(The data Opens)

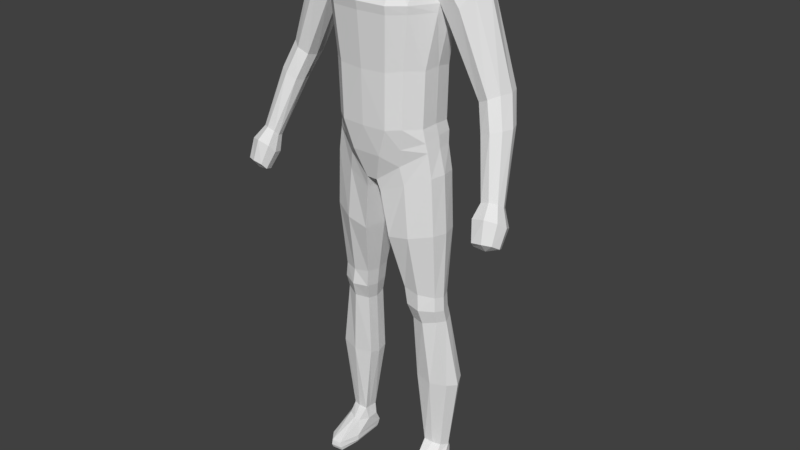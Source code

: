 # Source: h1blend.blend  (saved by Blender 2.79.0; exported with 4.5.12 LTS)
import bpy
from mathutils import Matrix  # noqa: F401  (used for matrix-valued properties, if any)

bpy.ops.wm.read_factory_settings(use_empty=True)
scene = bpy.context.scene
scene.name = 'Scene'

# ---- collections
col_collection_1 = bpy.data.collections.new('Collection 1'); scene.collection.children.link(col_collection_1)
col_collection_3 = bpy.data.collections.new('Collection 3'); scene.collection.children.link(col_collection_3)

# ---- materials (node trees are filled in below, after node groups)
mat_material = bpy.data.materials.new('Material')
mat_material.alpha_threshold = 0.0
mat_material.use_transparent_shadow = False
mat_material.roughness = 0.5
mat_material.line_color = (0.0, 0.0, 0.0, 1.0)

# ---- material node trees

# ---- world
world_world = bpy.data.worlds.new('World'); scene.world = world_world
world_world.color = (0.05088, 0.05088, 0.05088)
world_world.use_sun_shadow = False
world_world.sun_shadow_jitter_overblur = 0.0
world_world.cycles.sampling_method = 'MANUAL'

# ---- meshes
me_cube = bpy.data.meshes.new('Cube')
me_cube.from_pydata([(1.268, 0.4772, 0.645), (1.268, -0.2707, 0.645), (1.179, -0.3342, 1.203), (1.44, 0.4993, 3.987), (1.663, -0.04304, 5.002), (1.233, 0.4753, 2.488), (1.179, 0.5044, 1.187), (0.0, 0.9576, -0.1572), (0.0, -0.6804, -0.1572), (0.0, 0.8319, 5.339), (0.0, -0.3447, 5.355), (1.233, -0.3415, 2.534), (1.44, -0.1496, 3.993), (0.0, 0.8466, 1.187), (0.0, 0.7556, 2.457), (0.0, 1.108, 4.034), (0.0, -1.128, 4.004), (0.0, -0.9922, 2.503), (0.0, -0.9613, 1.203), (0.1385, 0.9576, -0.1572), (0.1385, -0.6804, -0.1572), (0.6076, 0.8615, 5.339), (0.6076, -0.2616, 5.355), (0.5897, -0.9233, 1.203), (0.6166, -0.9386, 2.519), (0.7201, -1.061, 3.996), (0.5005, 1.138, 4.013), (0.4519, 0.7846, 2.459), (0.4387, 0.8468, 1.187), (0.0, 0.5495, 5.919), (0.0, -0.2757, 5.659), (0.3528, 0.5146, 5.896), (0.4016, -0.166, 5.799), (1.43, 0.4944, -7.494), (1.434, 0.1723, -7.456), (0.9922, 0.471, -7.464), (0.9894, 0.09637, -7.426), (0.1915, -0.6205, -0.4457), (1.363, -0.2544, 0.04876), (1.363, 0.4966, 0.031), (0.1915, 0.6872, -0.4457), (0.0, 1.018, 0.5417), (1.229, -0.3025, 0.8741), (1.229, 0.5351, 0.9552), (0.0, -0.8593, 0.5227), (0.3641, 1.018, 0.5417), (0.3641, -0.8593, 0.5227), (0.5767, -0.212, -2.987), (1.371, -0.07524, -3.073), (1.367, 0.4052, -3.082), (0.5767, 0.4948, -2.987), (0.7117, -0.04315, -3.862), (1.386, 0.003186, -3.77), (1.384, 0.514, -3.765), (0.7117, 0.4944, -3.836), (1.429, -0.2416, -1.37), (1.426, 0.4901, -1.386), (0.3476, 0.6211, -1.595), (0.3476, -0.5247, -1.604), (0.7587, 0.06381, -5.543), (1.655, 0.07893, -5.509), (1.653, 0.6588, -5.505), (0.7587, 0.6153, -5.564), (1.391, -0.09629, -3.433), (1.388, 0.4122, -3.442), (0.6316, 0.4847, -3.44), (0.6316, -0.1854, -3.44), (0.7004, 0.8381, 0.2551), (0.7004, -0.5627, 0.2551), (1.137, 0.8026, 5.273), (1.137, -0.213, 5.277), (0.8836, -0.6954, 1.224), (0.9243, -0.7077, 2.561), (1.081, -0.7576, 3.993), (1.081, 0.9803, 4.009), (0.9243, 0.6702, 2.515), (0.8836, 0.7192, 1.208), (1.224, 0.6018, -7.473), (1.225, 0.1028, -7.434), (0.7854, 0.6445, -0.2008), (0.7854, -0.5051, -0.1918), (0.7947, -0.6435, 0.7144), (0.7947, 0.8286, 0.7649), (0.9823, 0.518, -3.057), (0.9844, -0.2375, -3.052), (1.059, 0.6205, -3.831), (1.06, -0.1443, -3.846), (0.8976, -0.5075, -1.493), (0.8965, 0.6439, -1.497), (1.219, 0.8362, -5.583), (1.219, -0.03287, -5.574), (1.022, -0.2696, -3.463), (1.021, 0.5343, -3.467), (1.313, 0.1017, 0.6688), (1.522, 0.384, -7.514), (0.0, 0.1377, -0.1469), (1.212, 0.08318, 1.228), (1.273, 0.0647, 2.566), (1.511, 0.1714, 3.857), (0.01798, 0.1377, -0.1469), (0.6292, 0.2459, 5.487), (0.4786, 0.1393, 5.855), (0.9922, 0.2389, -7.436), (0.07876, 0.03059, -0.4403), (1.445, 0.1198, 0.05353), (1.268, 0.115, 0.9431), (0.5205, 0.1405, -3.024), (1.453, 0.1644, -3.117), (0.6752, 0.2261, -3.901), (1.471, 0.2596, -3.818), (1.52, 0.123, -1.388), (0.2578, 0.04566, -1.613), (0.7292, 0.342, -5.634), (1.779, 0.3718, -5.587), (1.476, 0.1573, -3.482), (0.5834, 0.1488, -3.485), (1.163, 0.317, 5.377), (0.0, 1.067, 4.703), (0.0, -0.74, 4.679), (0.6639, -0.6864, 4.675), (0.5678, 1.098, 4.713), (1.109, 0.9116, 4.641), (1.109, -0.4853, 4.635), (1.663, 0.6638, 4.995), (1.766, 0.3328, 5.124), (1.551, 0.6925, 4.481), (1.551, -0.2307, 4.544), (2.451, 0.4425, 2.067), (2.924, 0.5774, 2.298), (2.927, -0.002452, 2.3), (2.453, -0.08983, 2.069), (3.008, 0.3059, 2.298), (2.421, 0.1735, 1.998), (2.683, 0.6009, 2.18), (2.709, -0.1564, 2.2), (3.045, -0.4799, 0.02778), (1.957, 0.6813, 3.933), (1.705, 0.4916, 3.543), (1.724, 0.1697, 3.408), (1.706, -0.1454, 3.547), (1.977, -0.225, 3.988), (2.217, -0.04081, 4.346), (2.345, 0.3282, 4.419), (2.215, 0.6531, 4.341), (2.667, 0.1702, 1.46), (3.157, 0.2886, 1.638), (3.16, -0.22, 1.64), (2.669, -0.2967, 1.461), (3.24, 0.05041, 1.629), (2.63, -0.0657, 1.395), (2.908, 0.3092, 1.546), (2.935, -0.3551, 1.564), (3.008, -0.6004, -0.3593), (3.423, -0.3795, 0.05271), (3.425, -0.6568, 0.2287), (3.047, -0.7345, 0.1893), (3.483, -0.5169, 0.1213), (3.011, -0.6291, 0.07156), (3.231, -0.3868, 0.01147), (3.252, -0.7451, 0.2484), (3.126, -0.8308, -0.7659), (3.594, -0.4528, -0.3402), (3.598, -0.8946, -0.07251), (3.011, -0.9845, -0.1058), (3.687, -0.6773, -0.2336), (2.955, -0.8154, -0.2941), (3.296, -0.4558, -0.393), (3.329, -1.009, -0.02516), (3.593, -0.7067, -0.7351), (3.596, -1.066, -0.5344), (3.128, -1.145, -0.5663), (3.666, -0.8765, -0.6503), (3.084, -1.015, -0.7118), (3.355, -0.7157, -0.7861), (3.382, -1.15, -0.5268), (3.376, -0.9736, -0.7553), (1.275, -0.1514, -8.217), (0.9234, 0.1307, -7.734), (1.556, 0.2377, -7.709), (1.192, -0.1502, -7.689), (1.192, 0.6946, -7.689), (1.018, -0.1615, -7.685), (0.9173, 0.42, -7.716), (1.441, -0.006812, -7.69), (1.441, 0.5517, -7.69), (0.8984, -0.3326, -8.015), (1.57, -0.1643, -7.989), (1.246, -0.9544, -7.963), (1.207, 0.7151, -7.975), (1.015, -0.9124, -7.982), (0.9341, 0.5637, -8.003), (1.456, -0.6872, -7.977), (1.453, 0.5389, -7.978), (0.9135, -0.3444, -8.213), (1.581, -0.2157, -8.217), (1.257, -0.9283, -8.204), (1.215, 0.6109, -8.19), (0.9787, -0.8918, -8.208), (0.945, 0.474, -8.196), (1.467, -0.6719, -8.218), (1.464, 0.4363, -8.194), (0.9411, 0.5244, -8.127), (1.212, 0.6764, -8.113), (0.9771, -0.9287, -8.108), (0.8848, -0.35, -8.147), (1.253, -0.9716, -8.105), (1.463, -0.6986, -8.132), (1.577, -0.2006, -8.135), (1.46, 0.4947, -8.116), (0.2976, 0.6912, 7.462), (0.7294, -0.4867, 7.418), (0.2331, -0.5052, 5.994), (0.351, -0.5122, 7.977), (0.3273, 0.1984, 7.999), (0.4238, -0.02308, 6.141), (0.2741, -0.9521, 6.469), (0.3448, -0.8918, 7.418), (0.6116, -0.5629, 6.526), (0.588, 0.04987, 6.599), (0.6822, 0.1984, 7.432), (0.2505, 0.5504, 6.622), (0.3065, 0.5143, 7.81), (0.4601, 0.3658, 6.647), (0.4968, 0.005974, 6.33), (0.6211, -0.495, 7.771), (0.4955, -0.8287, 6.514), (0.23, -0.8038, 5.997), (0.2769, 0.4527, 6.287), (0.5425, 0.5143, 7.433), (0.4528, -0.5224, 6.185), (0.5797, 0.182, 7.787), (0.6134, -0.8022, 7.405), (0.3479, -0.7828, 7.771), (0.0, -0.5291, 8.043), (0.0, 0.2149, 8.069), (0.3466, -0.1719, 8.049), (0.0, -0.5856, 5.943), (0.3997, -0.1863, 6.075), (0.3256, -0.9605, 6.986), (0.0, -1.006, 6.443), (0.0, -0.9463, 7.432), (0.7137, -0.5294, 6.99), (0.6724, 0.1778, 7.011), (0.6374, -0.2819, 6.553), (0.7375, -0.1717, 7.435), (0.2843, 0.7077, 7.042), (0.0, 0.5962, 6.612), (0.0, 0.7448, 7.484), (0.4324, -0.7483, 6.181), (0.5449, -0.6967, 7.664), (0.4383, 0.2823, 6.467), (0.4898, 0.4172, 7.692), (0.5235, 0.5112, 7.034), (0.4674, -0.2354, 6.238), (0.6176, -0.1718, 7.813), (0.5855, -0.8373, 6.999), (0.7346, -0.2061, 6.99), (0.0, 0.5158, 6.259), (0.0, 0.5483, 7.854), (0.0, -0.8379, 5.951), (0.0, -0.8176, 7.809), (0.0, -0.1721, 8.132), (0.0, -0.2529, 5.979), (0.0, -1.025, 6.979), (0.0, 0.7716, 7.042), (1.412, -0.1718, 3.795), (1.412, 0.4897, 3.784), (0.0, 1.046, 3.821), (0.0, -1.092, 3.801), (0.7061, -1.028, 3.796), (0.4939, 1.075, 3.803), (1.06, 0.9253, 3.807), (1.06, -0.7385, 3.799), (1.478, 0.1557, 3.682)], [], [(270, 27, 14, 267), (120, 26, 15, 117), (269, 25, 16, 268), (23, 24, 17, 18), (46, 23, 18, 44), (45, 19, 7, 41), (119, 22, 10, 118), (21, 9, 29, 31), (99, 20, 8, 95), (27, 28, 13, 14), (105, 96, 2, 42), (96, 97, 11, 2), (273, 98, 12, 265), (75, 76, 28, 27), (90, 59, 36, 78), (116, 100, 22, 70), (122, 70, 22, 119), (82, 67, 19, 45), (81, 71, 23, 46), (71, 72, 24, 23), (272, 73, 25, 269), (121, 74, 26, 120), (271, 75, 27, 270), (32, 237, 262, 30), (100, 21, 31, 101), (10, 22, 32, 30), (78, 36, 181, 179), (113, 60, 34, 94), (89, 61, 33, 77), (112, 62, 35, 102), (99, 19, 40, 103), (67, 0, 39, 79), (93, 1, 38, 104), (68, 20, 37, 80), (68, 81, 46, 20), (76, 82, 45, 28), (93, 105, 42, 1), (28, 45, 41, 13), (20, 46, 44, 8), (111, 57, 50, 106), (88, 56, 49, 83), (110, 55, 48, 107), (87, 58, 47, 84), (115, 65, 54, 108), (92, 64, 53, 85), (114, 63, 52, 109), (91, 66, 51, 86), (80, 37, 58, 87), (104, 38, 55, 110), (79, 39, 56, 88), (103, 40, 57, 111), (108, 54, 62, 112), (85, 53, 61, 89), (109, 52, 60, 113), (86, 51, 59, 90), (84, 47, 66, 91), (107, 48, 63, 114), (83, 49, 64, 92), (106, 50, 65, 115), (50, 83, 92, 65), (48, 84, 91, 63), (52, 86, 90, 60), (54, 85, 89, 62), (40, 79, 88, 57), (38, 80, 87, 55), (63, 91, 86, 52), (65, 92, 85, 54), (55, 87, 84, 48), (57, 88, 83, 50), (6, 43, 82, 76), (1, 42, 81, 68), (1, 68, 80, 38), (19, 67, 79, 40), (62, 89, 77, 35), (94, 34, 183, 178), (266, 5, 75, 271), (125, 3, 74, 121), (265, 12, 73, 272), (2, 11, 72, 71), (42, 2, 71, 81), (43, 0, 67, 82), (126, 4, 70, 122), (124, 116, 70, 4), (60, 90, 78, 34), (5, 6, 76, 75), (123, 69, 116, 124), (77, 33, 184, 180), (47, 106, 115, 66), (49, 107, 114, 64), (53, 109, 113, 61), (51, 108, 112, 59), (37, 103, 111, 58), (39, 104, 110, 56), (64, 114, 109, 53), (66, 115, 108, 51), (56, 110, 107, 49), (58, 111, 106, 47), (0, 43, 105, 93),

(The data Closes)

What the exercise asks: From the data above, return every line from the line that has "col_collection_1 = bpy.data.collections.new('Collection" up to and including the line that has "me_cube = bpy.data.meshes.new('Cube')", exactly.

Output:
col_collection_1 = bpy.data.collections.new('Collection 1'); scene.collection.children.link(col_collection_1)
col_collection_3 = bpy.data.collections.new('Collection 3'); scene.collection.children.link(col_collection_3)

# ---- materials (node trees are filled in below, after node groups)
mat_material = bpy.data.materials.new('Material')
mat_material.alpha_threshold = 0.0
mat_material.use_transparent_shadow = False
mat_material.roughness = 0.5
mat_material.line_color = (0.0, 0.0, 0.0, 1.0)

# ---- material node trees

# ---- world
world_world = bpy.data.worlds.new('World'); scene.world = world_world
world_world.color = (0.05088, 0.05088, 0.05088)
world_world.use_sun_shadow = False
world_world.sun_shadow_jitter_overblur = 0.0
world_world.cycles.sampling_method = 'MANUAL'

# ---- meshes
me_cube = bpy.data.meshes.new('Cube')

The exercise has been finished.